Pour les personnes atteintes de maladies auto-immunes ou inflammatoires comme la polyarthrite rhumatoïde et les personnes qui prennent des immunosuppresseurs, le retour à la vie « normale » génère beaucoup d’anxiété. C’est une chose d’aller faire des courses ou de prendre place sur la terrasse extérieure d’un restaurant – le risque est faible et il est facile de garder ses distances. Mais le théâtre est un environnement complètement différent.

Il n’y a pas de distanciation physique entre les acteurs d’une troupe. Personne ne porte de masque. Nous partageons les loges et les comptoirs; nous nous aidons à changer de costume entre les scènes; nous coiffons et maquillons nos collègues. Nous nous étreignons, nous nous embrassons et nous chantons tout près les uns des autres. Nous passons des mois en contact étroit avec des personnes extérieures à nos foyers, qui ont certainement elles-mêmes des contacts avec des personnes extérieures à leur foyer. L’idée d’être à nouveau aussi proche des gens après une année d’isolement est déstabilisante. Pendant plus d’un an, j’ai côtoyé peu de gens, et encore moins embrassé des inconnus sur scène.

Composer avec la PR tout en jouant sur scène était déjà un défi : la menace posée par la COVID-19 représente un risque supplémentaire pour mon système immunitaire affaibli.

Répéter en vue du prochain acte

Après s’être isolés pendant si longtemps, il est difficile de reprendre place dans le monde. À bien des égards, j’ai renoué avec ma vie au-delà des quatre murs de ma maison. Je sors pour faire mes courses hebdomadaires. Je mange dans des restaurants de mon quartier. Je voyage à travers ma province, je marche et fais du vélo en plein air. Tranquillement, ma bulle s’élargit et j’y inclus davantage de gens. Ça, c’est la partie facile. Pour retourner un jour sur scène, je dois me sentir à l’aise près d’un groupe de personnes.

Comment? Quelles sont les prochaines étapes pour renouer avec une vie normale, mais aussi avec la vie sur scène? Je ne le sais pas avec certitude, mais je crois que c’est essentiellement une question de confiance. Je dois avoir confiance dans le fait que des protocoles de sécurité seront mis en place au théâtre, que les personnes avec lesquelles je travaille sont vaccinées (tout comme moi) et qu’elles prennent des mesures pour assurer leur sécurité : me permettant par le fait même de rester en sécurité.

Avant tout, je dois avoir confiance dans le fait que mes décisions sont les bonnes.

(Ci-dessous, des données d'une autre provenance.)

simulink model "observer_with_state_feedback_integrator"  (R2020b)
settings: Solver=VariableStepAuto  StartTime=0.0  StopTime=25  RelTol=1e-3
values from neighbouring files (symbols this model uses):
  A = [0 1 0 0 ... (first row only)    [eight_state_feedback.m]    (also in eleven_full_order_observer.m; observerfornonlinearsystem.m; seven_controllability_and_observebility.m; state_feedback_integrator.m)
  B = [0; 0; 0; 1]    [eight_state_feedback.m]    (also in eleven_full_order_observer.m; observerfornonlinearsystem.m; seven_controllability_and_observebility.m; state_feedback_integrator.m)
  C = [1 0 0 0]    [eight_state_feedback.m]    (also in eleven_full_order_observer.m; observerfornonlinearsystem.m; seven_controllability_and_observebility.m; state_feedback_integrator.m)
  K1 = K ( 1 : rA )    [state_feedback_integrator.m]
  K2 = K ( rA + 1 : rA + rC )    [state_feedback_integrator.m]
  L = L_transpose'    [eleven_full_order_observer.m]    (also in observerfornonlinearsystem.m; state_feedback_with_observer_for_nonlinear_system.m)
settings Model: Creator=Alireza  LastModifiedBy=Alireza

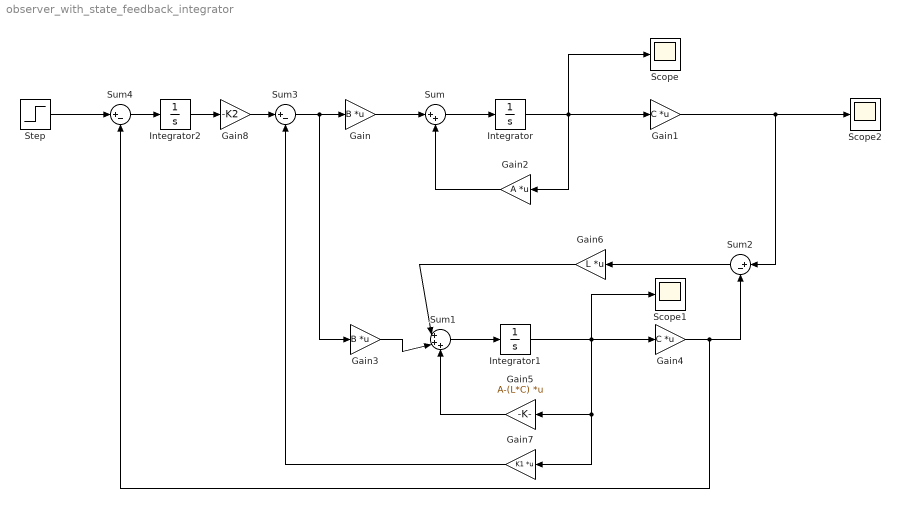
== system observer_with_state_feedback_integrator ==
  Gain : Gain  Gain=B  Multiplication=Matrix(K*u)
  Gain1 : Gain  Gain=C  Multiplication=Matrix(K*u)
  Gain2 : Gain  Gain=A  Multiplication=Matrix(K*u)
  Gain3 : Gain  Gain=B  Multiplication=Matrix(K*u)
  Gain4 : Gain  Gain=C  Multiplication=Matrix(K*u)
  Gain5 : Gain  Gain=A-(L*C)  Multiplication=Matrix(K*u)
  Gain6 : Gain  Gain=L  Multiplication=Matrix(K*u)
  Gain7 : Gain  Gain=K1  Multiplication=Matrix(K*u)
  Gain8 : Gain  Gain=-K2
  Integrator : Integrator  InitialCondition=1
  Integrator1 : Integrator  InitialCondition=-2
  Integrator2 : Integrator
  Scope : Scope
  Scope1 : Scope
  Scope2 : Scope
  Step : Step  SampleTime=0
  Sum : Sum  Inputs=|++
  Sum1 : Sum  Inputs=|+++
  Sum2 : Sum  Inputs=|+-
  Sum3 : Sum  Inputs=|+-
  Sum4 : Sum  Inputs=|+-
  wires:
  Gain/1 -> Sum/1
  Gain3/1 -> Sum1/2
  Gain6/1 -> Sum1/1
  Gain5/1 -> Sum1/3
  Sum1/1 -> Integrator1/1
  Integrator1/1 -> Scope1/1, Gain4/1, Gain7/1, Gain5/1
  Sum2/1 -> Gain6/1
  Integrator/1 -> Scope/1, Gain1/1, Gain2/1
  Sum/1 -> Integrator/1
  Gain2/1 -> Sum/2
  Sum3/1 -> Gain3/1, Gain/1
  Step/1 -> Sum4/1
  Gain1/1 -> Sum2/1, Scope2/1
  Gain8/1 -> Sum3/1
  Integrator2/1 -> Gain8/1
  Sum4/1 -> Integrator2/1
  Gain4/1 -> Sum2/2, Sum4/2
  Gain7/1 -> Sum3/2

Il s’agit aussi d’évaluer ce que je suis prête à risquer. Mes passions ont toujours été le moteur de ma vie. Vais-je laisser une pandémie m’empêcher de vivre ma passion? Y a-t-il un moyen de concilier tous ces facteurs? Ce sont des questions auxquelles je pense constamment, et une décision que je ne peux pas prendre à la légère. De nombreuses inconnues planent encore dans l’ombre.

Prenez place

Le théâtre m’appelle. Je l’entends dans mes rêves, qui m’appelle. Quelqu’un m’a demandé quand serait mon prochain spectacle, et je n’ai pas su répondre. Le nombre de cas augmente de nouveau dans notre province. L’obligation du port du masque a été rétablie. Je ne sais pas encore comment cela se traduira pour les théâtres.

Les lumières, les costumes et le défi de donner vie au monde imaginé par les dramaturges me manquent, mais je ne suis pas certaine d’être prête à monter sur scène. Pas encore.

Pour l’instant, j’attendrai patiemment derrière le rideau mon signal, celui qui m’indiquera qu’il est temps de retrouver ma place sur scène.